Problem being that in practice this comes with a bunch of other baggage that not only throws the benefit out of the window but introduces a bunch of other issues as well.
Is there any evidence of this? All the sites I've seen that use extra requests to load text always seem to take multiple seconds to load. Whereas most pages that use server side rendering generally load under 100ms.
It's a tradeoff, basically the question is "Will most users need and read all the content or not". Displaying everything at once without making extra querries is best, but not always possible . The frontend is fetching the backend. So it's going to say "Hey, send me all the comments from all the posts from november 2021". If there are 3 it's fine, but if there are like 23,000 of them you can't really load everything at once , that's why we use pagination on the backend.
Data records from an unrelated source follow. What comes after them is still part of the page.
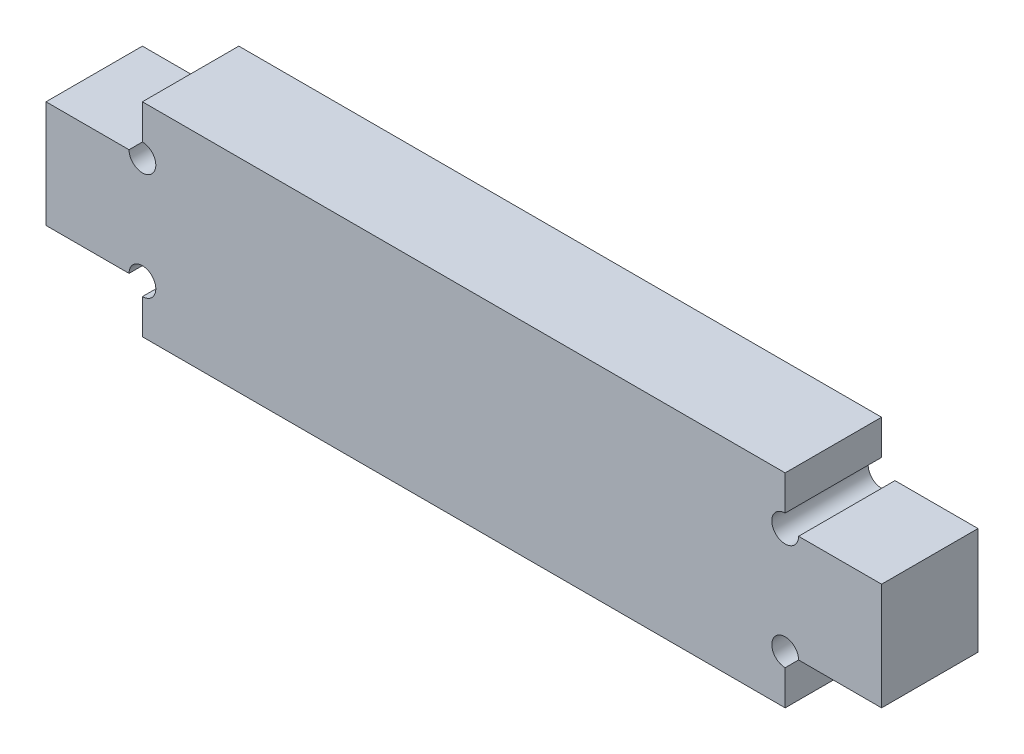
ISO-10303-21;
HEADER;
FILE_DESCRIPTION(('STEP AP214'),'2;1');
FILE_NAME('part.step','',(''),(''),'','','');
FILE_SCHEMA(('AUTOMOTIVE_DESIGN { 1 0 10303 214 1 1 1 1 }'));
ENDSEC;
DATA;
#1=APPLICATION_CONTEXT('core data for automotive mechanical design processes');
#2=APPLICATION_PROTOCOL_DEFINITION('international standard','automotive_design',2000,#1);
#3=PRODUCT_CONTEXT('',#1,'mechanical');
#4=PRODUCT('Part','Part','',(#3));
#5=PRODUCT_RELATED_PRODUCT_CATEGORY('part','',(#4));
#6=PRODUCT_DEFINITION_FORMATION('','',#4);
#7=PRODUCT_DEFINITION_CONTEXT('part definition',#1,'design');
#8=PRODUCT_DEFINITION('design','',#6,#7);
#9=PRODUCT_DEFINITION_SHAPE('','',#8);
#10=(LENGTH_UNIT() NAMED_UNIT(*) SI_UNIT(.MILLI.,.METRE.));
#11=(NAMED_UNIT(*) PLANE_ANGLE_UNIT() SI_UNIT($,.RADIAN.));
#12=(NAMED_UNIT(*) SI_UNIT($,.STERADIAN.) SOLID_ANGLE_UNIT());
#13=UNCERTAINTY_MEASURE_WITH_UNIT(LENGTH_MEASURE(1.E-05),#10,'distance_accuracy_value','');
#14=(GEOMETRIC_REPRESENTATION_CONTEXT(3) GLOBAL_UNCERTAINTY_ASSIGNED_CONTEXT((#13)) GLOBAL_UNIT_ASSIGNED_CONTEXT((#10,
#11,#12)) REPRESENTATION_CONTEXT('',''));
#15=CARTESIAN_POINT('',(0.,0.,0.));
#16=DIRECTION('',(0.,0.,1.));
#17=DIRECTION('',(1.,0.,0.));
#18=AXIS2_PLACEMENT_3D('',#15,#16,#17);
#19=CARTESIAN_POINT('',(-60.,-10.,18.));
#20=DIRECTION('',(0.,0.,-1.));
#21=DIRECTION('',(-1.,0.,0.));
#22=AXIS2_PLACEMENT_3D('',#19,#20,#21);
#23=CYLINDRICAL_SURFACE('',#22,2.5);
#24=CARTESIAN_POINT('',(-60.,-10.,0.));
#25=DIRECTION('',(0.,0.,-1.));
#26=DIRECTION('',(1.,0.,0.));
#27=AXIS2_PLACEMENT_3D('',#24,#25,#26);
#28=CIRCLE('',#27,2.5);
#29=CARTESIAN_POINT('',(-62.5,-10.,0.));
#30=VERTEX_POINT('',#29);
#31=CARTESIAN_POINT('',(-60.,-12.5,0.));
#32=VERTEX_POINT('',#31);
#33=EDGE_CURVE('E176',#30,#32,#28,.T.);
#34=ORIENTED_EDGE('',*,*,#33,.T.);
#35=DIRECTION('',(0.,0.,-1.));
#36=VECTOR('',#35,1.);
#37=CARTESIAN_POINT('',(-60.,-12.5,18.));
#38=LINE('',#37,#36);
#39=CARTESIAN_POINT('',(-60.,-12.5,18.));
#40=VERTEX_POINT('',#39);
#41=EDGE_CURVE('E11',#40,#32,#38,.T.);
#42=ORIENTED_EDGE('',*,*,#41,.F.);
#43=CARTESIAN_POINT('',(-60.,-10.,18.));
#44=DIRECTION('',(0.,0.,-1.));
#45=DIRECTION('',(1.,0.,0.));
#46=AXIS2_PLACEMENT_3D('',#43,#44,#45);
#47=CIRCLE('',#46,2.5);
#48=CARTESIAN_POINT('',(-62.5,-10.,18.));
#49=VERTEX_POINT('',#48);
#50=EDGE_CURVE('E206',#49,#40,#47,.T.);
#51=ORIENTED_EDGE('',*,*,#50,.F.);
#52=DIRECTION('',(0.,0.,-1.));
#53=VECTOR('',#52,1.);
#54=CARTESIAN_POINT('',(-62.5,-10.,18.));
#55=LINE('',#54,#53);
#56=EDGE_CURVE('E172',#49,#30,#55,.T.);
#57=ORIENTED_EDGE('',*,*,#56,.T.);
#58=EDGE_LOOP('',(#34,#42,#51,#57));
#59=FACE_BOUND('',#58,.T.);
#60=ADVANCED_FACE('F32',(#59),#23,.F.);
#61=CARTESIAN_POINT('',(-60.,-12.5,18.));
#62=DIRECTION('',(1.,0.,0.));
#63=DIRECTION('',(0.,0.,-1.));
#64=AXIS2_PLACEMENT_3D('',#61,#62,#63);
#65=PLANE('',#64);
#66=DIRECTION('',(0.,-1.,0.));
#67=VECTOR('',#66,1.);
#68=CARTESIAN_POINT('',(-60.,-12.5,0.));
#69=LINE('',#68,#67);
#70=CARTESIAN_POINT('',(-60.,-19.,0.));
#71=VERTEX_POINT('',#70);
#72=EDGE_CURVE('E179',#32,#71,#69,.T.);
#73=ORIENTED_EDGE('',*,*,#72,.T.);
#74=DIRECTION('',(0.,0.,-1.));
#75=VECTOR('',#74,1.);
#76=CARTESIAN_POINT('',(-60.,-19.,18.));
#77=LINE('',#76,#75);
#78=CARTESIAN_POINT('',(-60.,-19.,18.));
#79=VERTEX_POINT('',#78);
#80=EDGE_CURVE('E40',#79,#71,#77,.T.);
#81=ORIENTED_EDGE('',*,*,#80,.F.);
#82=DIRECTION('',(0.,-1.,0.));
#83=VECTOR('',#82,1.);
#84=CARTESIAN_POINT('',(-60.,-12.5,18.));
#85=LINE('',#84,#83);
#86=EDGE_CURVE('E115',#40,#79,#85,.T.);
#87=ORIENTED_EDGE('',*,*,#86,.F.);
#88=ORIENTED_EDGE('',*,*,#41,.T.);
#89=EDGE_LOOP('',(#73,#81,#87,#88));
#90=FACE_BOUND('',#89,.T.);
#91=ADVANCED_FACE('F304',(#90),#65,.F.);
#92=CARTESIAN_POINT('',(-60.,-19.,18.));
#93=DIRECTION('',(0.,1.,0.));
#94=DIRECTION('',(0.,0.,1.));
#95=AXIS2_PLACEMENT_3D('',#92,#93,#94);
#96=PLANE('',#95);
#97=DIRECTION('',(1.,0.,0.));
#98=VECTOR('',#97,1.);
#99=CARTESIAN_POINT('',(-60.,-19.,0.));
#100=LINE('',#99,#98);
#101=CARTESIAN_POINT('',(60.,-19.,0.));
#102=VERTEX_POINT('',#101);
#103=EDGE_CURVE('E181',#71,#102,#100,.T.);
#104=ORIENTED_EDGE('',*,*,#103,.T.);
#105=DIRECTION('',(0.,0.,-1.));
#106=VECTOR('',#105,1.);
#107=CARTESIAN_POINT('',(60.,-19.,18.));
#108=LINE('',#107,#106);
#109=CARTESIAN_POINT('',(60.,-19.,18.));
#110=VERTEX_POINT('',#109);
#111=EDGE_CURVE('E237',#110,#102,#108,.T.);
#112=ORIENTED_EDGE('',*,*,#111,.F.);
#113=DIRECTION('',(1.,0.,0.));
#114=VECTOR('',#113,1.);
#115=CARTESIAN_POINT('',(-60.,-19.,18.));
#116=LINE('',#115,#114);
#117=EDGE_CURVE('E245',#79,#110,#116,.T.);
#118=ORIENTED_EDGE('',*,*,#117,.F.);
#119=ORIENTED_EDGE('',*,*,#80,.T.);
#120=EDGE_LOOP('',(#104,#112,#118,#119));
#121=FACE_BOUND('',#120,.T.);
#122=ADVANCED_FACE('F243',(#121),#96,.F.);
#123=CARTESIAN_POINT('',(60.,-12.5,18.));
#124=DIRECTION('',(-1.,0.,0.));
#125=DIRECTION('',(0.,0.,1.));
#126=AXIS2_PLACEMENT_3D('',#123,#124,#125);
#127=PLANE('',#126);
#128=DIRECTION('',(0.,1.,0.));
#129=VECTOR('',#128,1.);
#130=CARTESIAN_POINT('',(60.,-12.5,0.));
#131=LINE('',#130,#129);
#132=CARTESIAN_POINT('',(60.,-12.5,0.));
#133=VERTEX_POINT('',#132);
#134=EDGE_CURVE('E183',#102,#133,#131,.T.);
#135=ORIENTED_EDGE('',*,*,#134,.T.);
#136=DIRECTION('',(0.,0.,-1.));
#137=VECTOR('',#136,1.);
#138=CARTESIAN_POINT('',(60.,-12.5,18.));
#139=LINE('',#138,#137);
#140=CARTESIAN_POINT('',(60.,-12.5,18.));
#141=VERTEX_POINT('',#140);
#142=EDGE_CURVE('E234',#141,#133,#139,.T.);
#143=ORIENTED_EDGE('',*,*,#142,.F.);
#144=DIRECTION('',(0.,1.,0.));
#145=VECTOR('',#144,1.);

We say "Hey send me results 1 to 25 of the comments from all the posts from November 2021" This way the frontend only displays 25 comments for a quick page load and we hope that it will be enough. To display the other comments either we ask the backend to let us know how many pages of 25 elements there are and we display that amount of pagination element links (pagination), or we simply tell the frontend to ask the next page once we reach the bottom (infinite scroll). Even if displaying all the content is possible, if there are content that only 1% of your users will read you might want to offer faster loading for 99% of users and add a few seconds of loading for the 1%.
>This way the frontend only displays 25 comments for a quick page load
Many years ago smart frameworks implemented smart stuff like you can display only what is visible. For example you could have a table with 1 million rows but in your html page you will not create 1 million row elements, you can create GUI widgets only for the visible part, as the user scrolls you can recycle existing widgets.
As a practical example , you go to a yotube channel page and they load only 2 or 3 rows of videos and you have to scroll to force more to appear, this means you can't do a Ctrl+F and seatrch and is also less efficient because as you scroll the items at the top are not recycled and reuse so probably more memory is used.
The json for all the videos is not huge,some strings with title and thumbnails, maybe some numbers but the issue is that is not possible to natively do the best/correct thing, only recently we got lazy loading for example so basicaly html was desibned for documents and frameworks/toolkits designed for apps did the correct thing many years ago... this is an explanation but no excuse why things are such a shit show with pagination today.
The argument is that JS-heavy site design indicates worthless content on average. Not that it's easier to maintain for the site owner (which might or might not be the case), or more realistically, creates job opportunities for "web developers".
Google Maps is one of the sites I still whitelist, but I often reconsider this decision, and I'm ready to find a replacement.
Today's Google Maps is a shadow of its original self, which did have a no-JS version, by the way. It has gradually gotten simultaneously heavier, less convenient, more annoying, and less useful, and I've just about had it.
Just off the top of my head, it no longer displays zip codes, takes a long time to load, has missing street names on the map, often promotes features I do not want while taking away features I do want, and is covered so thick with paid-promotion items that I can barely find somewhere to click that isn't an ad.